Characteristically, and, it must be admitted, in a sense justly, he remarks that a biography of a living man cannot be finished till he is dead, or words to that effect. But the chances there are against the Biographer as well as the Biographed; and I have no fancy, I confess, that the book should be, as he once maliciously prophesied, “a posthumous work for both of us,” nor that he should be justified in his presentiment that we should “both die the moment we finished it.”

While nothing but death can fitly end a man's life, being no Boswell, and having my own life to attend to as well as his, I have brought these “twenty volumes” to a close. A man who has already, by his own account, “lived three centuries,” is as likely to live three more; but it is less probable that I shall see the end of them. So I take Time by the forelock and write finis to a contribution which can only hope to cover the first three centuries.

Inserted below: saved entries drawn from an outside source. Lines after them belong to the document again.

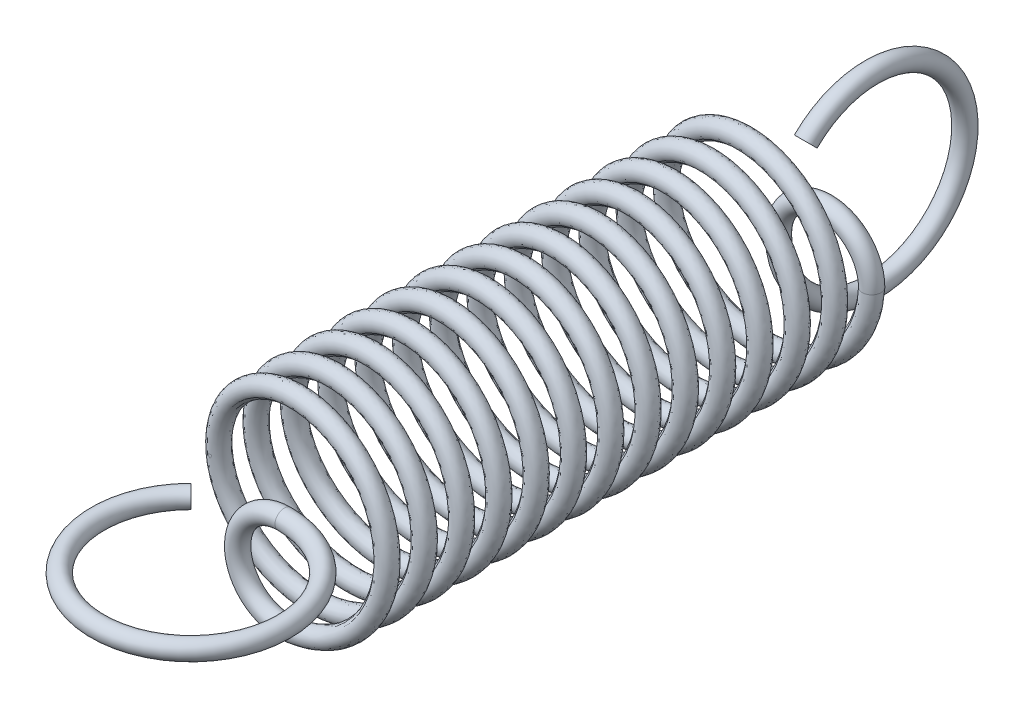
ISO-10303-21;
HEADER;
FILE_DESCRIPTION(('STEP AP214'),'2;1');
FILE_NAME('part.step','',(''),(''),'','','');
FILE_SCHEMA(('AUTOMOTIVE_DESIGN { 1 0 10303 214 1 1 1 1 }'));
ENDSEC;
DATA;
#1=APPLICATION_CONTEXT('core data for automotive mechanical design processes');
#2=APPLICATION_PROTOCOL_DEFINITION('international standard','automotive_design',2000,#1);
#3=PRODUCT_CONTEXT('',#1,'mechanical');
#4=PRODUCT('Part','Part','',(#3));
#5=PRODUCT_RELATED_PRODUCT_CATEGORY('part','',(#4));
#6=PRODUCT_DEFINITION_FORMATION('','',#4);
#7=PRODUCT_DEFINITION_CONTEXT('part definition',#1,'design');
#8=PRODUCT_DEFINITION('design','',#6,#7);
#9=PRODUCT_DEFINITION_SHAPE('','',#8);
#10=(LENGTH_UNIT() NAMED_UNIT(*) SI_UNIT(.MILLI.,.METRE.));
#11=(NAMED_UNIT(*) PLANE_ANGLE_UNIT() SI_UNIT($,.RADIAN.));
#12=(NAMED_UNIT(*) SI_UNIT($,.STERADIAN.) SOLID_ANGLE_UNIT());
#13=UNCERTAINTY_MEASURE_WITH_UNIT(LENGTH_MEASURE(1.E-05),#10,'distance_accuracy_value','');
#14=(GEOMETRIC_REPRESENTATION_CONTEXT(3) GLOBAL_UNCERTAINTY_ASSIGNED_CONTEXT((#13)) GLOBAL_UNIT_ASSIGNED_CONTEXT((#10,
#11,#12)) REPRESENTATION_CONTEXT('',''));
#15=CARTESIAN_POINT('',(0.,0.,0.));
#16=DIRECTION('',(0.,0.,1.));
#17=DIRECTION('',(1.,0.,0.));
#18=AXIS2_PLACEMENT_3D('',#15,#16,#17);
#19=CARTESIAN_POINT('',(4.99999999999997,0.,0.500000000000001));
#20=CARTESIAN_POINT('',(4.99999999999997,-2.88675134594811,0.666666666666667));
#21=CARTESIAN_POINT('',(2.49999999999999,-4.33012701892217,0.833333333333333));
#22=CARTESIAN_POINT('',(0.,-5.77350269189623,1.));
#23=CARTESIAN_POINT('',(-2.49999999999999,-4.33012701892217,1.16666666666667));
#24=CARTESIAN_POINT('',(-4.99999999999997,-2.88675134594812,1.33333333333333));
#25=CARTESIAN_POINT('',(-4.99999999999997,0.,1.5));
#26=CARTESIAN_POINT('',(-4.99999999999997,2.88675134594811,1.66666666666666));
#27=CARTESIAN_POINT('',(-2.49999999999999,4.33012701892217,1.83333333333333));
#28=CARTESIAN_POINT('',(0.,5.77350269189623,2.));
#29=CARTESIAN_POINT('',(2.49999999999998,4.33012701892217,2.16666666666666));
#30=CARTESIAN_POINT('',(4.99999999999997,2.88675134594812,2.33333333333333));
#31=CARTESIAN_POINT('',(4.99999999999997,0.,2.5));
#32=CARTESIAN_POINT('',(4.99999999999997,-2.88675134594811,2.66666666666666));
#33=CARTESIAN_POINT('',(2.49999999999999,-4.33012701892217,2.83333333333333));
#34=CARTESIAN_POINT('',(0.,-5.77350269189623,3.));
#35=CARTESIAN_POINT('',(-2.49999999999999,-4.33012701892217,3.16666666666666));
#36=CARTESIAN_POINT('',(-4.99999999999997,-2.88675134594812,3.33333333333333));
#37=CARTESIAN_POINT('',(-4.99999999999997,0.,3.49999999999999));
#38=CARTESIAN_POINT('',(-4.99999999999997,2.88675134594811,3.66666666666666));
#39=CARTESIAN_POINT('',(-2.49999999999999,4.33012701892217,3.83333333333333));
#40=CARTESIAN_POINT('',(0.,5.77350269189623,3.99999999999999));
#41=CARTESIAN_POINT('',(2.49999999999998,4.33012701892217,4.16666666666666));
#42=CARTESIAN_POINT('',(4.99999999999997,2.88675134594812,4.33333333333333));
#43=CARTESIAN_POINT('',(4.99999999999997,0.,4.49999999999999));
#44=CARTESIAN_POINT('',(4.99999999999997,-2.88675134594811,4.66666666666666));
#45=CARTESIAN_POINT('',(2.49999999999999,-4.33012701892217,4.83333333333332));
#46=CARTESIAN_POINT('',(0.,-5.77350269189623,4.99999999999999));
#47=CARTESIAN_POINT('',(-2.49999999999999,-4.33012701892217,5.16666666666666));
#48=CARTESIAN_POINT('',(-4.99999999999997,-2.88675134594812,5.33333333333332));
#49=CARTESIAN_POINT('',(-4.99999999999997,0.,5.49999999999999));
#50=CARTESIAN_POINT('',(-4.99999999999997,2.88675134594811,5.66666666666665));
#51=CARTESIAN_POINT('',(-2.49999999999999,4.33012701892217,5.83333333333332));
#52=CARTESIAN_POINT('',(0.,5.77350269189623,5.99999999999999));
#53=CARTESIAN_POINT('',(2.49999999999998,4.33012701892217,6.16666666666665));
#54=CARTESIAN_POINT('',(4.99999999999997,2.88675134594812,6.33333333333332));
#55=CARTESIAN_POINT('',(4.99999999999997,0.,6.49999999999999));
#56=CARTESIAN_POINT('',(4.99999999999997,-2.88675134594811,6.66666666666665));
#57=CARTESIAN_POINT('',(2.49999999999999,-4.33012701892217,6.83333333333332));
#58=CARTESIAN_POINT('',(0.,-5.77350269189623,6.99999999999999));
#59=CARTESIAN_POINT('',(-2.49999999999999,-4.33012701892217,7.16666666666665));
#60=CARTESIAN_POINT('',(-4.99999999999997,-2.88675134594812,7.33333333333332));
#61=CARTESIAN_POINT('',(-4.99999999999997,0.,7.49999999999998));
#62=CARTESIAN_POINT('',(-4.99999999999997,2.88675134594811,7.66666666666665));
#63=CARTESIAN_POINT('',(-2.49999999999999,4.33012701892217,7.83333333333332));
#64=CARTESIAN_POINT('',(0.,5.77350269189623,7.99999999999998));
#65=CARTESIAN_POINT('',(2.49999999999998,4.33012701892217,8.16666666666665));
#66=CARTESIAN_POINT('',(4.99999999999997,2.88675134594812,8.33333333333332));
#67=CARTESIAN_POINT('',(4.99999999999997,0.,8.49999999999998));
#68=CARTESIAN_POINT('',(4.99999999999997,-2.88675134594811,8.66666666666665));
#69=CARTESIAN_POINT('',(2.49999999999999,-4.33012701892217,8.83333333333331));
#70=CARTESIAN_POINT('',(0.,-5.77350269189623,8.99999999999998));
#71=CARTESIAN_POINT('',(-2.49999999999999,-4.33012701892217,9.16666666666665));
#72=CARTESIAN_POINT('',(-4.99999999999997,-2.88675134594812,9.33333333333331));
#73=CARTESIAN_POINT('',(-4.99999999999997,0.,9.49999999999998));
#74=CARTESIAN_POINT('',(-4.99999999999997,2.88675134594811,9.66666666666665));
#75=CARTESIAN_POINT('',(-2.49999999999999,4.33012701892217,9.83333333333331));
#76=CARTESIAN_POINT('',(0.,5.77350269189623,9.99999999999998));
#77=CARTESIAN_POINT('',(2.49999999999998,4.33012701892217,10.1666666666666));
#78=CARTESIAN_POINT('',(4.99999999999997,2.88675134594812,10.3333333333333));
#79=CARTESIAN_POINT('',(4.99999999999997,0.,10.5));
#80=CARTESIAN_POINT('',(4.99999999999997,-2.88675134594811,10.6666666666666));
#81=CARTESIAN_POINT('',(2.49999999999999,-4.33012701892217,10.8333333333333));
#82=CARTESIAN_POINT('',(0.,-5.77350269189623,11.));
#83=CARTESIAN_POINT('',(-2.49999999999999,-4.33012701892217,11.1666666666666));
#84=CARTESIAN_POINT('',(-4.99999999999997,-2.88675134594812,11.3333333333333));
#85=CARTESIAN_POINT('',(-4.99999999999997,0.,11.5));
#86=CARTESIAN_POINT('',(-4.99999999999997,2.88675134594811,11.6666666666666));
#87=CARTESIAN_POINT('',(-2.49999999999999,4.33012701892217,11.8333333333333));
#88=CARTESIAN_POINT('',(0.,5.77350269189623,12.));
#89=CARTESIAN_POINT('',(2.49999999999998,4.33012701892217,12.1666666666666));
#90=CARTESIAN_POINT('',(4.99999999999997,2.88675134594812,12.3333333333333));
#91=CARTESIAN_POINT('',(4.99999999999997,0.,12.5));
#92=CARTESIAN_POINT('',(4.99999999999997,-2.88675134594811,12.6666666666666));
#93=CARTESIAN_POINT('',(2.49999999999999,-4.33012701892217,12.8333333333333));
#94=CARTESIAN_POINT('',(0.,-5.77350269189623,13.));
#95=CARTESIAN_POINT('',(-2.49999999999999,-4.33012701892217,13.1666666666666));
#96=CARTESIAN_POINT('',(-4.99999999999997,-2.88675134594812,13.3333333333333));
#97=CARTESIAN_POINT('',(-4.99999999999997,0.,13.5));
#98=CARTESIAN_POINT('',(-4.99999999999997,2.88675134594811,13.6666666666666));
#99=CARTESIAN_POINT('',(-2.49999999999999,4.33012701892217,13.8333333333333));
#100=CARTESIAN_POINT('',(0.,5.77350269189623,14.));
#101=CARTESIAN_POINT('',(2.49999999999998,4.33012701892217,14.1666666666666));
#102=CARTESIAN_POINT('',(4.99999999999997,2.88675134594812,14.3333333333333));
#103=CARTESIAN_POINT('',(4.99999999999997,0.,14.5));
#104=CARTESIAN_POINT('',(4.99999999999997,-2.88675134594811,14.6666666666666));
#105=CARTESIAN_POINT('',(2.49999999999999,-4.33012701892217,14.8333333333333));
#106=CARTESIAN_POINT('',(0.,-5.77350269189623,15.));
#107=CARTESIAN_POINT('',(-2.49999999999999,-4.33012701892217,15.1666666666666));
#108=CARTESIAN_POINT('',(-4.99999999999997,-2.88675134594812,15.3333333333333));
#109=CARTESIAN_POINT('',(-4.99999999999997,0.,15.5));
#110=CARTESIAN_POINT('',(-4.99999999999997,2.88675134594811,15.6666666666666));
#111=CARTESIAN_POINT('',(-2.49999999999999,4.33012701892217,15.8333333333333));
#112=CARTESIAN_POINT('',(0.,5.77350269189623,16.));
#113=CARTESIAN_POINT('',(2.49999999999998,4.33012701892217,16.1666666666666));
#114=CARTESIAN_POINT('',(4.99999999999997,2.88675134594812,16.3333333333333));
#115=CARTESIAN_POINT('',(4.99999999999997,0.,16.5));
#116=CARTESIAN_POINT('',(4.99999999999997,-2.88675134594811,16.6666666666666));
#117=CARTESIAN_POINT('',(2.49999999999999,-4.33012701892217,16.8333333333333));
#118=CARTESIAN_POINT('',(0.,-5.77350269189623,17.));
#119=CARTESIAN_POINT('',(-2.49999999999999,-4.33012701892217,17.1666666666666));
#120=CARTESIAN_POINT('',(-4.99999999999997,-2.88675134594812,17.3333333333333));
#121=CARTESIAN_POINT('',(-4.99999999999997,0.,17.5));
#122=CARTESIAN_POINT('',(-4.99999999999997,2.88675134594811,17.6666666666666));
#123=CARTESIAN_POINT('',(-2.49999999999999,4.33012701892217,17.8333333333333));
#124=CARTESIAN_POINT('',(0.,5.77350269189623,18.));
#125=CARTESIAN_POINT('',(2.49999999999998,4.33012701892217,18.1666666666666));
#126=CARTESIAN_POINT('',(4.99999999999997,2.88675134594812,18.3333333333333));
#127=CARTESIAN_POINT('',(4.99999999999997,0.,18.5));
#128=CARTESIAN_POINT('',(4.99999999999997,-2.88675134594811,18.6666666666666));
#129=CARTESIAN_POINT('',(2.49999999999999,-4.33012701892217,18.8333333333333));
#130=CARTESIAN_POINT('',(0.,-5.77350269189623,19.));
#131=CARTESIAN_POINT('',(-2.49999999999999,-4.33012701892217,19.1666666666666));
#132=CARTESIAN_POINT('',(-4.99999999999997,-2.88675134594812,19.3333333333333));
#133=CARTESIAN_POINT('',(-4.99999999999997,0.,19.5));
#134=CARTESIAN_POINT('',(-4.99999999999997,2.88675134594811,19.6666666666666));
#135=CARTESIAN_POINT('',(-2.49999999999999,4.33012701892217,19.8333333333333));
#136=CARTESIAN_POINT('',(0.,5.77350269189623,20.));
#137=CARTESIAN_POINT('',(2.49999999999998,4.33012701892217,20.1666666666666));
#138=CARTESIAN_POINT('',(4.99999999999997,2.88675134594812,20.3333333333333));
#139=CARTESIAN_POINT('',(4.99999999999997,0.,20.5));
#140=CARTESIAN_POINT('',(4.99999999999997,-2.88675134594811,20.6666666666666));
#141=CARTESIAN_POINT('',(2.49999999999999,-4.33012701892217,20.8333333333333));
#142=CARTESIAN_POINT('',(0.,-5.77350269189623,21.));
#143=CARTESIAN_POINT('',(-2.49999999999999,-4.33012701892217,21.1666666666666));
#144=CARTESIAN_POINT('',(-4.99999999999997,-2.88675134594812,21.3333333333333));
#145=CARTESIAN_POINT('',(-4.99999999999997,0.,21.5));
#146=CARTESIAN_POINT('',(-4.99999999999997,2.88675134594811,21.6666666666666));
#147=CARTESIAN_POINT('',(-2.49999999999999,4.33012701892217,21.8333333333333));
#148=CARTESIAN_POINT('',(0.,5.77350269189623,22.));
#149=CARTESIAN_POINT('',(2.49999999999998,4.33012701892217,22.1666666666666));
#150=CARTESIAN_POINT('',(4.99999999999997,2.88675134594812,22.3333333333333));
#151=CARTESIAN_POINT('',(4.99999999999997,0.,22.5));
#152=CARTESIAN_POINT('',(4.99999999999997,-2.88675134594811,22.6666666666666));
#153=CARTESIAN_POINT('',(2.49999999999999,-4.33012701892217,22.8333333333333));
#154=CARTESIAN_POINT('',(0.,-5.77350269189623,22.9999999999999));
#155=CARTESIAN_POINT('',(-2.49999999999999,-4.33012701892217,23.1666666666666));
#156=CARTESIAN_POINT('',(-4.99999999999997,-2.88675134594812,23.3333333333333));
#157=CARTESIAN_POINT('',(-4.99999999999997,0.,23.4999999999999));
#158=CARTESIAN_POINT('',(-4.99999999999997,2.88675134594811,23.6666666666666));
#159=CARTESIAN_POINT('',(-2.49999999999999,4.33012701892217,23.8333333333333));
#160=CARTESIAN_POINT('',(0.,5.77350269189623,23.9999999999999));
#161=CARTESIAN_POINT('',(2.49999999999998,4.33012701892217,24.1666666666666));
#162=CARTESIAN_POINT('',(4.99999999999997,2.88675134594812,24.3333333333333));
#163=CARTESIAN_POINT('',(4.99999999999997,0.,24.4999999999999));
#164=CARTESIAN_POINT('',(4.99999999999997,-2.88675134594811,24.6666666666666));
#165=CARTESIAN_POINT('',(2.49999999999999,-4.33012701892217,24.8333333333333));
#166=CARTESIAN_POINT('',(0.,-5.77350269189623,24.9999999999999));
#167=CARTESIAN_POINT('',(-2.49999999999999,-4.33012701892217,25.1666666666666));
#168=CARTESIAN_POINT('',(-4.99999999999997,-2.88675134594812,25.3333333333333));
#169=CARTESIAN_POINT('',(-4.99999999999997,0.,25.4999999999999));
#170=CARTESIAN_POINT('',(-4.99999999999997,2.88675134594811,25.6666666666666));
#171=CARTESIAN_POINT('',(-2.49999999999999,4.33012701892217,25.8333333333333));
#172=CARTESIAN_POINT('',(0.,5.77350269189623,25.9999999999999));
#173=CARTESIAN_POINT('',(2.49999999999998,4.33012701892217,26.1666666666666));
#174=CARTESIAN_POINT('',(4.99999999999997,2.88675134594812,26.3333333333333));
#175=CARTESIAN_POINT('',(4.99999999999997,0.,26.4999999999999));
#176=CARTESIAN_POINT('',(4.99999999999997,-2.88675134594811,26.6666666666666));
#177=CARTESIAN_POINT('',(2.49999999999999,-4.33012701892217,26.8333333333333));
#178=CARTESIAN_POINT('',(0.,-5.77350269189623,26.9999999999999));
#179=CARTESIAN_POINT('',(-2.49999999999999,-4.33012701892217,27.1666666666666));
#180=CARTESIAN_POINT('',(-4.99999999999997,-2.88675134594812,27.3333333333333));
#181=CARTESIAN_POINT('',(-4.99999999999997,0.,27.4999999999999));
#182=CARTESIAN_POINT('',(-4.99999999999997,2.88675134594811,27.6666666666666));
#183=CARTESIAN_POINT('',(-2.49999999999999,4.33012701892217,27.8333333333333));
#184=CARTESIAN_POINT('',(0.,5.77350269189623,27.9999999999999));
#185=CARTESIAN_POINT('',(2.49999999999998,4.33012701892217,28.1666666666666));
#186=CARTESIAN_POINT('',(4.99999999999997,2.88675134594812,28.3333333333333));
#187=CARTESIAN_POINT('',(4.99999999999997,0.,28.4999999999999));
#188=CARTESIAN_POINT('',(5.99999999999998,0.,0.500000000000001));
#189=CARTESIAN_POINT('',(5.99999999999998,-3.46410161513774,0.666666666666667));
#190=CARTESIAN_POINT('',(2.99999999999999,-5.19615242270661,0.833333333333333));
#191=CARTESIAN_POINT('',(0.,-6.92820323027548,1.));
#192=CARTESIAN_POINT('',(-2.99999999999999,-5.19615242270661,1.16666666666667));
#193=CARTESIAN_POINT('',(-5.99999999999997,-3.46410161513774,1.33333333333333));
#194=CARTESIAN_POINT('',(-5.99999999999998,0.,1.5));
#195=CARTESIAN_POINT('',(-5.99999999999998,3.46410161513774,1.66666666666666));
#196=CARTESIAN_POINT('',(-2.99999999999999,5.19615242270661,1.83333333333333));
#197=CARTESIAN_POINT('',(0.,6.92820323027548,2.));
#198=CARTESIAN_POINT('',(2.99999999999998,5.19615242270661,2.16666666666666));
#199=CARTESIAN_POINT('',(5.99999999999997,3.46410161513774,2.33333333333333));
#200=CARTESIAN_POINT('',(5.99999999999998,0.,2.5));
#201=CARTESIAN_POINT('',(5.99999999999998,-3.46410161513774,2.66666666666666));
#202=CARTESIAN_POINT('',(2.99999999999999,-5.19615242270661,2.83333333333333));
#203=CARTESIAN_POINT('',(0.,-6.92820323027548,3.));
#204=CARTESIAN_POINT('',(-2.99999999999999,-5.19615242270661,3.16666666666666));
#205=CARTESIAN_POINT('',(-5.99999999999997,-3.46410161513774,3.33333333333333));
#206=CARTESIAN_POINT('',(-5.99999999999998,0.,3.49999999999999));
#207=CARTESIAN_POINT('',(-5.99999999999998,3.46410161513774,3.66666666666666));
#208=CARTESIAN_POINT('',(-2.99999999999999,5.19615242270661,3.83333333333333));
#209=CARTESIAN_POINT('',(0.,6.92820323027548,3.99999999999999));
#210=CARTESIAN_POINT('',(2.99999999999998,5.19615242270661,4.16666666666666));
#211=CARTESIAN_POINT('',(5.99999999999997,3.46410161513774,4.33333333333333));
#212=CARTESIAN_POINT('',(5.99999999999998,0.,4.49999999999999));
#213=CARTESIAN_POINT('',(5.99999999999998,-3.46410161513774,4.66666666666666));
#214=CARTESIAN_POINT('',(2.99999999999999,-5.19615242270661,4.83333333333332));
#215=CARTESIAN_POINT('',(0.,-6.92820323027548,4.99999999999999));
#216=CARTESIAN_POINT('',(-2.99999999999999,-5.19615242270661,5.16666666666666));
#217=CARTESIAN_POINT('',(-5.99999999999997,-3.46410161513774,5.33333333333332));
#218=CARTESIAN_POINT('',(-5.99999999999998,0.,5.49999999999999));
#219=CARTESIAN_POINT('',(-5.99999999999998,3.46410161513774,5.66666666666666));
#220=CARTESIAN_POINT('',(-2.99999999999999,5.19615242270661,5.83333333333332));
#221=CARTESIAN_POINT('',(0.,6.92820323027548,5.99999999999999));
#222=CARTESIAN_POINT('',(2.99999999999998,5.19615242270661,6.16666666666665));
#223=CARTESIAN_POINT('',(5.99999999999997,3.46410161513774,6.33333333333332));
#224=CARTESIAN_POINT('',(5.99999999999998,0.,6.49999999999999));
#225=CARTESIAN_POINT('',(5.99999999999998,-3.46410161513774,6.66666666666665));
#226=CARTESIAN_POINT('',(2.99999999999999,-5.19615242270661,6.83333333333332));
#227=CARTESIAN_POINT('',(0.,-6.92820323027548,6.99999999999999));
#228=CARTESIAN_POINT('',(-2.99999999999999,-5.19615242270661,7.16666666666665));
#229=CARTESIAN_POINT('',(-5.99999999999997,-3.46410161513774,7.33333333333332));
#230=CARTESIAN_POINT('',(-5.99999999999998,0.,7.49999999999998));
#231=CARTESIAN_POINT('',(-5.99999999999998,3.46410161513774,7.66666666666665));
#232=CARTESIAN_POINT('',(-2.99999999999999,5.19615242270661,7.83333333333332));
#233=CARTESIAN_POINT('',(0.,6.92820323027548,7.99999999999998));
#234=CARTESIAN_POINT('',(2.99999999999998,5.19615242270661,8.16666666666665));
#235=CARTESIAN_POINT('',(5.99999999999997,3.46410161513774,8.33333333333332));
#236=CARTESIAN_POINT('',(5.99999999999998,0.,8.49999999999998));
#237=CARTESIAN_POINT('',(5.99999999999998,-3.46410161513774,8.66666666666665));
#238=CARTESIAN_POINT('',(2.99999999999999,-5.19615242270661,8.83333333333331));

“Who is to tackle Mr. Bernard Shaw,” Mr. Augustine Birrell once asked, “and assign to him his proper place in the providential order of the world?” This work is in no sense an effort to assign to Bernard Shaw his “proper place in the providential order of the world.” Such a task it is impossible to accomplish so long as Shaw lives to belie it. No more is it possible to say the final word about any genius in mid-career with limitless possibilities before him. Shaw's masterpiece—even a series of masterpieces!—perhaps remains to be written. His career may have only just begun.

This book is designed to give an authoritative account, biographical and critical, of Bernard Shaw's work, art, philosophy and life up to the present time. Perhaps its appearance is not premature. Shaw has suffered no little from the Shavians. He has served more than once as an excuse for propaganda and counter-propaganda. But save for one or two glaring exceptions, the fatuities of the cult, and the image of the shrine and burning candles have in large measure vanished—it is hoped, to return no more. The time seems ripe for conscientious and thoughtful consideration of the man and his work, in relation to the thought movement of our time—irrespective of political bias and personal prejudice. Perhaps the portrait, though neither “disparaging” nor “unflattering,” may present the “real Shaw,” if more “unexpectedly,” perhaps no less truly, in that I am “a stranger to the Irish-British environment.”

If I have succeeded in removing a legendary figure from the atmosphere of contemporary mythology, and in portraying the real man in the light of common day, then an earnest search for the aurea media of true criticism will not have proved wholly fruitless. I hope I may have succeeded, in some adequate degree, in exhibiting, in their true colours, what Mr. Gilbert Chesterton once justly described to me in a letter as “that humour and that courage which have cleansed so much of the intellect of to-day.”